Work to complete => Would you show every line from the records that holds "centre"?
BEGIN Recorded data
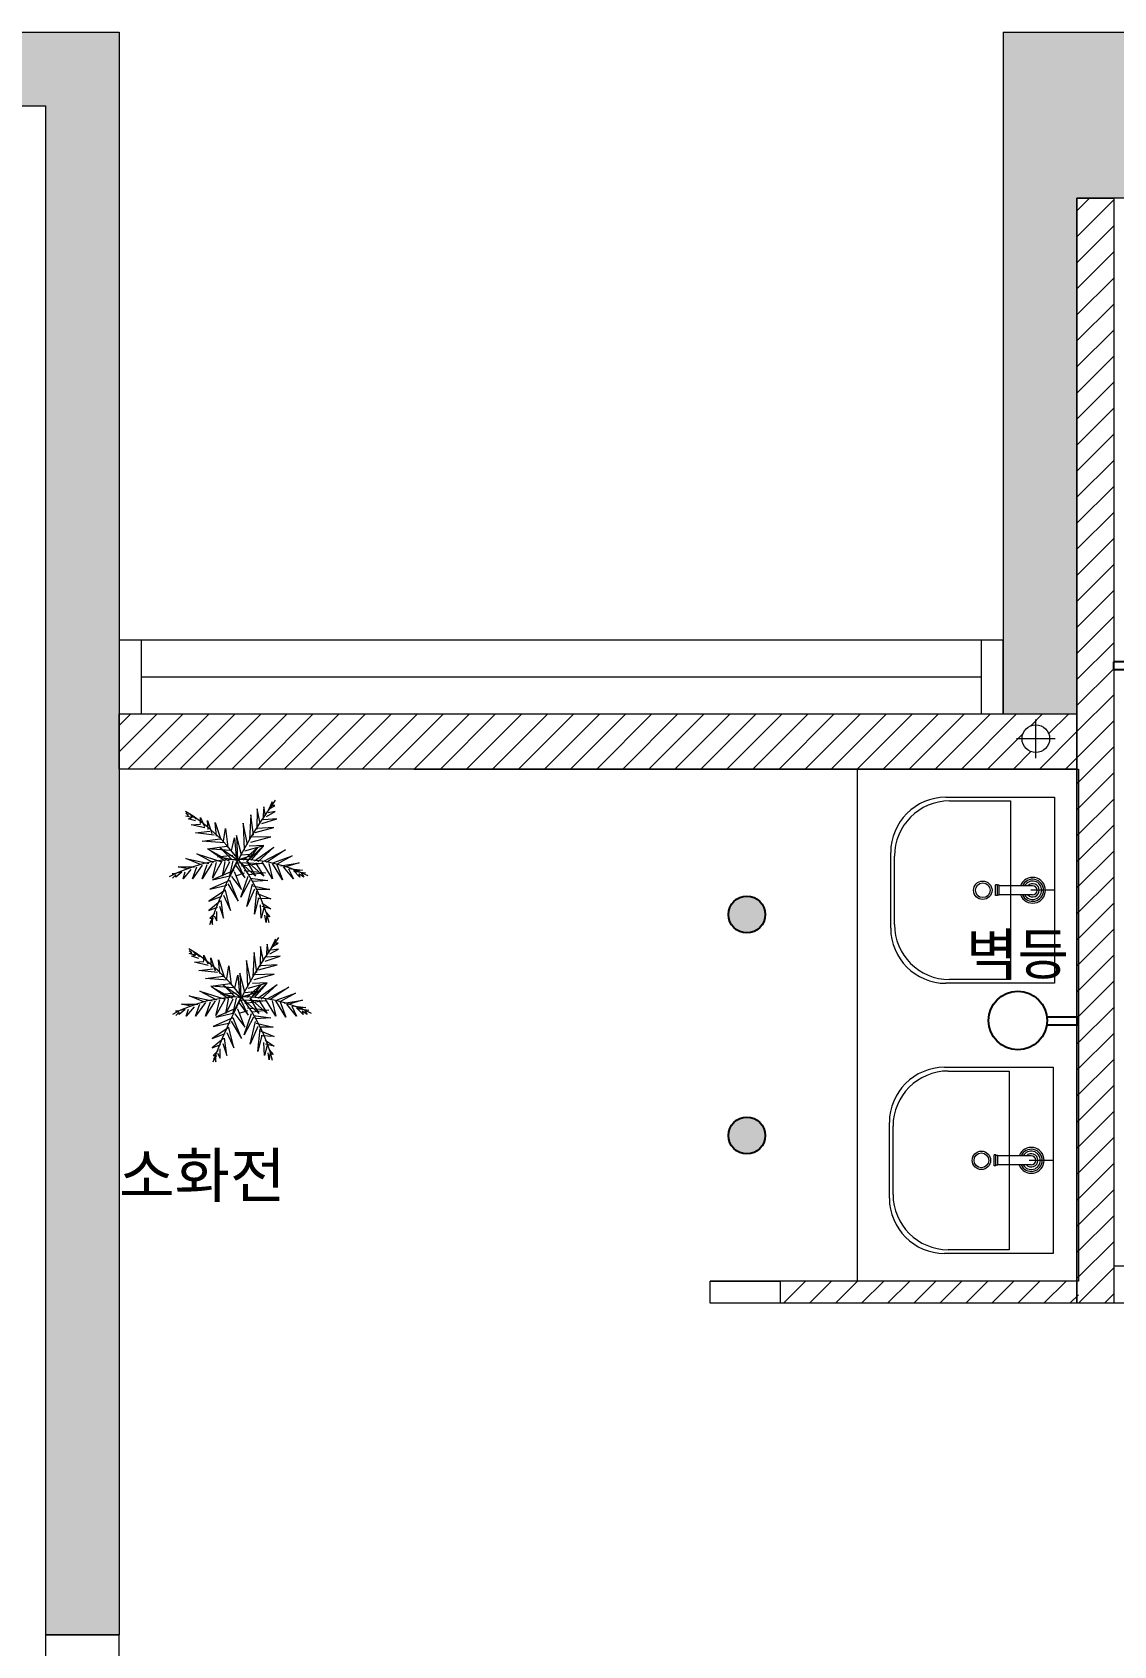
# Model space of a CAD drawing. Header units: metres. Extents: x 11578468 to 47831421, y -58341524 to -14256839.
# Drawn here: x 23835492 to 23838428, y -29081872 to -29077492 of the extents above; entities that cross this region are included whole.
import ezdxf
from ezdxf.enums import TextEntityAlignment as Align

# ---------------------------------------------------------------- set-up
doc = ezdxf.new("R2010")
doc.units = ezdxf.units.M
doc.header["$LTSCALE"] = 50
doc.header["$MEASUREMENT"] = 0
doc.layers.get('0').update_dxf_attribs({"linetype": 'CONTINUOUS'})
for name, color, linetype in [('03-TEXT', 3, 'CONTINUOUS'), ('LAY', 3, 'CONTINUOUS'), ('WAL', 3, 'CONTINUOUS'), ('wall', 3, 'CONTINUOUS')]:
    doc.layers.add(name, color=color, linetype=linetype)
doc.layers.add('ha', color=8, linetype='CONTINUOUS', lineweight=5)
doc.styles.add('JT1', font='malgun.ttf')
doc.styles.add('맑은 고딕', font='malgun.ttf')

# ---------------------------------------------------------------- blocks, each defined once
blk = doc.blocks.new('A$C37E12833')
at = {"layer": 'LAY'}
for p, q in [((67.5, 84.7), (67.5, 0)), ((89.7, 84.4), (89.7, 0)), ((67.5, 0), (89.7, 0))]:
    blk.add_line(p, q, dxfattribs=at)
blk.add_circle((79.5, 163.3), 79.5, dxfattribs=at)

msp = doc.modelspace()

# ---------------------------------------------------------------- hatches: boundary and pattern name
at = {"layer": 'wall', "ltscale": 10}
h = msp.add_hatch(color=2, dxfattribs=at)
h.dxf.hatch_style = 1
h.paths.add_polyline_path([(23837481.9, -29079887.3, 1), (23837381.9, -29079887.3, 1)])
h = msp.add_hatch(color=2, dxfattribs=at)
h.dxf.hatch_style = 1
h.paths.add_polyline_path([(23837481.9, -29080487.3, 1), (23837381.9, -29080487.3, 1)])

# ---------------------------------------------------------------- linework, layer by layer
for centre in [(23837431.9, -29079887.3), (23837431.9, -29080487.3)]:
    msp.add_circle(centre, 50)
at = {"layer": 'ha'}
for p, q in [((23832527.7, -29077492.3), (23835727.7, -29077492.3)), ((23835527.7, -29077492.3), (23835727.7, -29077492.3)), ((23835727.7, -29077492.3), (23835727.7, -29081842.3)), ((23838127.7, -29077492.3), (23838827.7, -29077492.3)), ((23838127.7, -29077492.3), (23838127.7, -29079342.3)), ((23832727.7, -29077692.3), (23835527.7, -29077692.3)), ((23835527.7, -29077692.3), (23835527.7, -29081842.3)), ((23838327.7, -29077942.3), (23838327.7, -29080942.3)), ((23838327.7, -29077942.3), (23838327.7, -29079342.3)), ((23838827.7, -29077942.3), (23838327.7, -29077942.3)), ((23838327.7, -29077976.6), (23838362, -29077942.3)), ((23838327.7, -29077942.3), (23838427.7, -29077942.3)), ((23838327.7, -29080942.3), (23838327.7, -29077942.3)), ((23838427.7, -29077942.3), (23838427.7, -29080942.3)), ((23838427.7, -29077942.3), (23838427.7, -29080942.3)), ((23838327.7, -29078047.3), (23838427.7, -29077947.3)), ((23838327.7, -29078118), (23838427.7, -29078018)), ((23838327.7, -29078188.7), (23838427.7, -29078088.7)), ((23838327.7, -29078259.5), (23838427.7, -29078159.5)), ((23838327.7, -29078330.2), (23838427.7, -29078230.2)), ((23838327.7, -29078400.9), (23838427.7, -29078300.9)), ((23838327.7, -29078471.6), (23838427.7, -29078371.6)), ((23838327.7, -29078542.3), (23838427.7, -29078442.3)), ((23838327.7, -29078613), (23838427.7, -29078513)), ((23838327.7, -29078683.7), (23838427.7, -29078583.7)), ((23838327.7, -29078754.4), (23838427.7, -29078654.4)), ((23838327.7, -29078825.1), (23838427.7, -29078725.1)), ((23838327.7, -29078895.9), (23838427.7, -29078795.9)), ((23838327.7, -29078966.6), (23838427.7, -29078866.6)), ((23838327.7, -29079037.3), (23838427.7, -29078937.3)), ((23838327.7, -29079108), (23838427.7, -29079008)), ((23838327.7, -29079178.7), (23838427.7, -29079078.7)), ((23838127.7, -29079142.3), (23835727.7, -29079142.3)), ((23835727.7, -29079142.3), (23835727.7, -29079342.3)), ((23835787.7, -29079142.3), (23835787.7, -29079342.3)), ((23838067.7, -29079142.3), (23838067.7, -29079342.3)), ((23838127.7, -29079342.3), (23838127.7, -29079142.3)), ((23838327.7, -29079249.4), (23838427.7, -29079149.4)), ((23835787.7, -29079242.3), (23838067.7, -29079242.3)), ((23838327.7, -29079320.1), (23838427.7, -29079220.1)), ((23838327.7, -29079390.8), (23838427.7, -29079290.8)), ((23835727.7, -29079374.5), (23835760, -29079342.3)), ((23835727.7, -29079445.2), (23835830.7, -29079342.3)), ((23835727.7, -29079342.3), (23838127.7, -29079342.3)), ((23835727.7, -29079492.3), (23835727.7, -29079342.3)), ((23835727.7, -29079342.3), (23838327.7, -29079342.3)), ((23835751.4, -29079492.3), (23835901.4, -29079342.3)), ((23835822.1, -29079492.3), (23835972.1, -29079342.3)), ((23835892.8, -29079492.3), (23836042.8, -29079342.3)), ((23835963.5, -29079492.3), (23836113.5, -29079342.3)), ((23836034.2, -29079492.3), (23836184.2, -29079342.3)), ((23836104.9, -29079492.3), (23836254.9, -29079342.3)), ((23836175.6, -29079492.3), (23836325.6, -29079342.3)), ((23836246.4, -29079492.3), (23836396.4, -29079342.3)), ((23836317.1, -29079492.3), (23836467.1, -29079342.3)), ((23836387.8, -29079492.3), (23836537.8, -29079342.3)), ((23836458.5, -29079492.3), (23836608.5, -29079342.3)), ((23836529.2, -29079492.3), (23836679.2, -29079342.3)), ((23836599.9, -29079492.3), (23836749.9, -29079342.3)), ((23836670.6, -29079492.3), (23836820.6, -29079342.3)), ((23836741.3, -29079492.3), (23836891.3, -29079342.3)), ((23836812, -29079492.3), (23836962, -29079342.3)), ((23836882.7, -29079492.3), (23837032.7, -29079342.3)), ((23836953.5, -29079492.3), (23837103.5, -29079342.3)), ((23837024.2, -29079492.3), (23837174.2, -29079342.3)), ((23837094.9, -29079492.3), (23837244.9, -29079342.3)), ((23837165.6, -29079492.3), (23837315.6, -29079342.3)), ((23837236.3, -29079492.3), (23837386.3, -29079342.3)), ((23837307, -29079492.3), (23837457, -29079342.3)), ((23837377.7, -29079492.3), (23837527.7, -29079342.3)), ((23837448.4, -29079492.3), (23837598.4, -29079342.3)), ((23837519.1, -29079492.3), (23837669.1, -29079342.3)), ((23837589.9, -29079492.3), (23837739.9, -29079342.3)), ((23837660.6, -29079492.3), (23837810.6, -29079342.3)), ((23837731.3, -29079492.3), (23837881.3, -29079342.3)), ((23837802, -29079492.3), (23837952, -29079342.3)), ((23837872.7, -29079492.3), (23838022.7, -29079342.3)), ((23837943.4, -29079492.3), (23838093.4, -29079342.3)), ((23838014.1, -29079492.3), (23838164.1, -29079342.3)), ((23838201.4, -29079375.7), (23838234.8, -29079342.3)), ((23838251, -29079396.8), (23838305.5, -29079342.3)), ((23838327.7, -29079342.3), (23838327.7, -29079492.3)), ((23838216.3, -29079462.5), (23838216.3, -29079357.5)), ((23838327.7, -29079461.5), (23838427.7, -29079361.5)), ((23838084.8, -29079492.3), (23838182.5, -29079394.6)), ((23838268.8, -29079410), (23838163.8, -29079410)), ((23838226.3, -29079492.3), (23838327.7, -29079390.8)), ((23838327.7, -29079532.2), (23838427.7, -29079432.2)), ((23838155.5, -29079492.3), (23838203, -29079444.8)), ((23838297, -29079492.3), (23838327.7, -29079461.5)), ((23838327.7, -29079492.3), (23835727.7, -29079492.3)), ((23836527.7, -29079492.3), (23838327.7, -29079492.3)), ((23837731.9, -29080882.3), (23837731.9, -29079492.3)), ((23837731.9, -29079492.3), (23838331.9, -29079492.3)), ((23838327.7, -29079492.3), (23838327.7, -29080092.3)), ((23838327.7, -29079603), (23838427.7, -29079503)), ((23838331.9, -29079492.3), (23838331.9, -29080882.3)), ((23836102.9, -29079600.7), (23836101.5, -29079655.4)), ((23836110.4, -29079640.6), (23836102.9, -29079600.7)), ((23836120.7, -29079594.7), (23836117.7, -29079630.3)), ((23836125.2, -29079618.5), (23836120.7, -29079594.7)), ((23836128, -29079621.3), (23836151.7, -29079608)), ((23836143, -29079581.4), (23836131.1, -29079606.5)), ((23836151.7, -29079608), (23836132.5, -29079611)), ((23836135.5, -29079600.7), (23836150.3, -29079591.7)), ((23836138.6, -29079597.7), (23836143, -29079581.4)), ((23836150.3, -29079591.7), (23836143, -29079591.7)), ((23837972.3, -29079569), (23838267.3, -29079569)), ((23837982.3, -29079579), (23838147.3, -29079579)), ((23838147.3, -29079579), (23838147.3, -29080064)), ((23838267.3, -29079569), (23838267.3, -29080074)), ((23838327.7, -29079673.7), (23838427.7, -29079573.7)), ((23835916.3, -29079618.5), (23835908.8, -29079612.5)), ((23835908.8, -29079619.9), (23835916.3, -29079618.5)), ((23835925, -29079624.3), (23835908.8, -29079619.9)), ((23835916.3, -29079627.3), (23835925, -29079624.3)), ((23835935.5, -29079633.3), (23835916.3, -29079627.3)), ((23835920.8, -29079614), (23835937, -29079628.8)), ((23835928, -29079624.3), (23835920.8, -29079614)), ((23835923.6, -29079643.6), (23835948.7, -29079642.1)), ((23835960.7, -29079652.4), (23835923.6, -29079643.6)), ((23835948.7, -29079640.6), (23835948.7, -29079624.3)), ((23835948.7, -29079624.3), (23835959.3, -29079648.1)), ((23835968.2, -29079631.8), (23835979.9, -29079667.2)), ((23835969.6, -29079656.9), (23835968.2, -29079631.8)), ((23835988.8, -29079637.6), (23836003.6, -29079683.5)), ((23835991.9, -29079674.7), (23835988.8, -29079637.6)), ((23836076.1, -29079696.9), (23836064.4, -29079639.1)), ((23836064.4, -29079639.1), (23836067.5, -29079711.7)), ((23836085.1, -29079617), (23836082.2, -29079683.5)), ((23836092.6, -29079671.7), (23836085.1, -29079617)), ((23836097, -29079664.4), (23836147.5, -29079650.9)), ((23836147.5, -29079650.9), (23836101.5, -29079653.9)), ((23836114.9, -29079640.6), (23836156.2, -29079627.3)), ((23836156.2, -29079627.3), (23836120.7, -29079630.3)), ((23838327.7, -29079744.4), (23838427.7, -29079644.4)), ((23835935.5, -29079665.8), (23835974, -29079661.4)), ((23835985.8, -29079671.7), (23835935.5, -29079665.8)), ((23835953.1, -29079688), (23836002.2, -29079682)), ((23836013.9, -29079692.5), (23835953.1, -29079688)), ((23836011.1, -29079688), (23836017, -29079653.9)), ((23836017, -29079653.9), (23836022.9, -29079704.3)), ((23836033.2, -29079714.6), (23836040.7, -29079679.2)), ((23836040.7, -29079679.2), (23836045.2, -29079730.9)), ((23836059.9, -29079725.1), (23836046.6, -29079673.2)), ((23836046.6, -29079673.2), (23836049.6, -29079738.4)), ((23836085.1, -29079691), (23836140, -29079676.2)), ((23836140, -29079676.2), (23836089.5, -29079677.7)), ((23835948.7, -29079751.7), (23835908.8, -29079735.4)), ((23835908.8, -29079735.4), (23835971, -29079748.7)), ((23835938.4, -29079722.1), (23836006.7, -29079744.2)), ((23835984.4, -29079747.2), (23835938.4, -29079722.1)), ((23835968.2, -29079708.8), (23836020, -29079701.3)), ((23836028.7, -29079713.1), (23835968.2, -29079708.8)), ((23836015.6, -29079742.8), (23835969.6, -29079710.3)), ((23835969.6, -29079710.3), (23836025.9, -29079741.4)), ((23835994.7, -29079730.9), (23836036.2, -29079726.6)), ((23836052.4, -29079741.4), (23835994.7, -29079730.9)), ((23836002.2, -29079705.8), (23836049.6, -29079738.4)), ((23836034.8, -29079738.4), (23836002.2, -29079705.8)), ((23836049.6, -29079738.4), (23836028.7, -29079781.3)), ((23836049.6, -29079738.4), (23836102.9, -29079722.1)), ((23836102.9, -29079722.1), (23836061.4, -29079726.6)), ((23836065.8, -29079739.9), (23836104.3, -29079704.3)), ((23836068.9, -29079714.6), (23836120.7, -29079699.8)), ((23836076.1, -29079741.4), (23836119.3, -29079701.3)), ((23836104.3, -29079704.3), (23836076.1, -29079741.4)), ((23836120.7, -29079699.8), (23836080.6, -29079701.3)), ((23836119.3, -29079701.3), (23836085.1, -29079739.9)), ((23836095.6, -29079741.4), (23836147.5, -29079704.3)), ((23836147.5, -29079704.3), (23836104.3, -29079744.2)), ((23836120.7, -29079742.8), (23836179.9, -29079711.7)), ((23836179.9, -29079711.7), (23836128, -29079745.7)), ((23836147.5, -29079745.7), (23836197.7, -29079727.9)), ((23836197.7, -29079727.9), (23836154.8, -29079751.7)), ((23837822.3, -29079924), (23837822.3, -29079719)), ((23837832.3, -29079914), (23837832.3, -29079729)), ((23838327.7, -29079815.1), (23838427.7, -29079715.1)), ((23835871.7, -29079776.8), (23835898.5, -29079771)), ((23835882.5, -29079775.8), (23835871.7, -29079776.8)), ((23835882, -29079779.8), (23835873.1, -29079788.7)), ((23835898.5, -29079772.5), (23835882, -29079785.8)), ((23835882, -29079785.8), (23835882, -29079779.8)), ((23835888.1, -29079757.7), (23835932.5, -29079757.7)), ((23835913.2, -29079763.5), (23835888.1, -29079757.7)), ((23835922.2, -29079765), (23835901.3, -29079790.1)), ((23835901.3, -29079790.1), (23835907.4, -29079771)), ((23835953.1, -29079753.2), (23835926.6, -29079790.1)), ((23835926.6, -29079790.1), (23835938.4, -29079757.7)), ((23835979.9, -29079748.7), (23835953.1, -29079790.1)), ((23835953.1, -29079790.1), (23835966.5, -29079751.7)), ((23836006.7, -29079742.8), (23835981.3, -29079788.7)), ((23835981.3, -29079788.7), (23835991.9, -29079745.7)), ((23836039.3, -29079768), (23835981.3, -29079793.1)), ((23835981.3, -29079793.1), (23836031.8, -29079781.3)), ((23836008.1, -29079782.8), (23836015.6, -29079744.2)), ((23836027.3, -29079744.2), (23836008.1, -29079782.8)), ((23836028.7, -29079781.3), (23836037.6, -29079741.4)), ((23836059.9, -29079819.8), (23836040.7, -29079771)), ((23836043.7, -29079753.2), (23836068.9, -29079787.3)), ((23836067.5, -29079775.3), (23836043.7, -29079782.8)), ((23836068.9, -29079787.3), (23836049.6, -29079745.7)), ((23836049.6, -29079745.7), (23836116.3, -29079748.7)), ((23836098.4, -29079782.8), (23836055.5, -29079744.2)), ((23836058.5, -29079840.5), (23836077.8, -29079782.8)), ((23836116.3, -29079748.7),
END Recorded data
Written answer =>
for centre in [(23837431.9, -29079887.3), (23837431.9, -29080487.3)]:
    msp.add_circle(centre, 50)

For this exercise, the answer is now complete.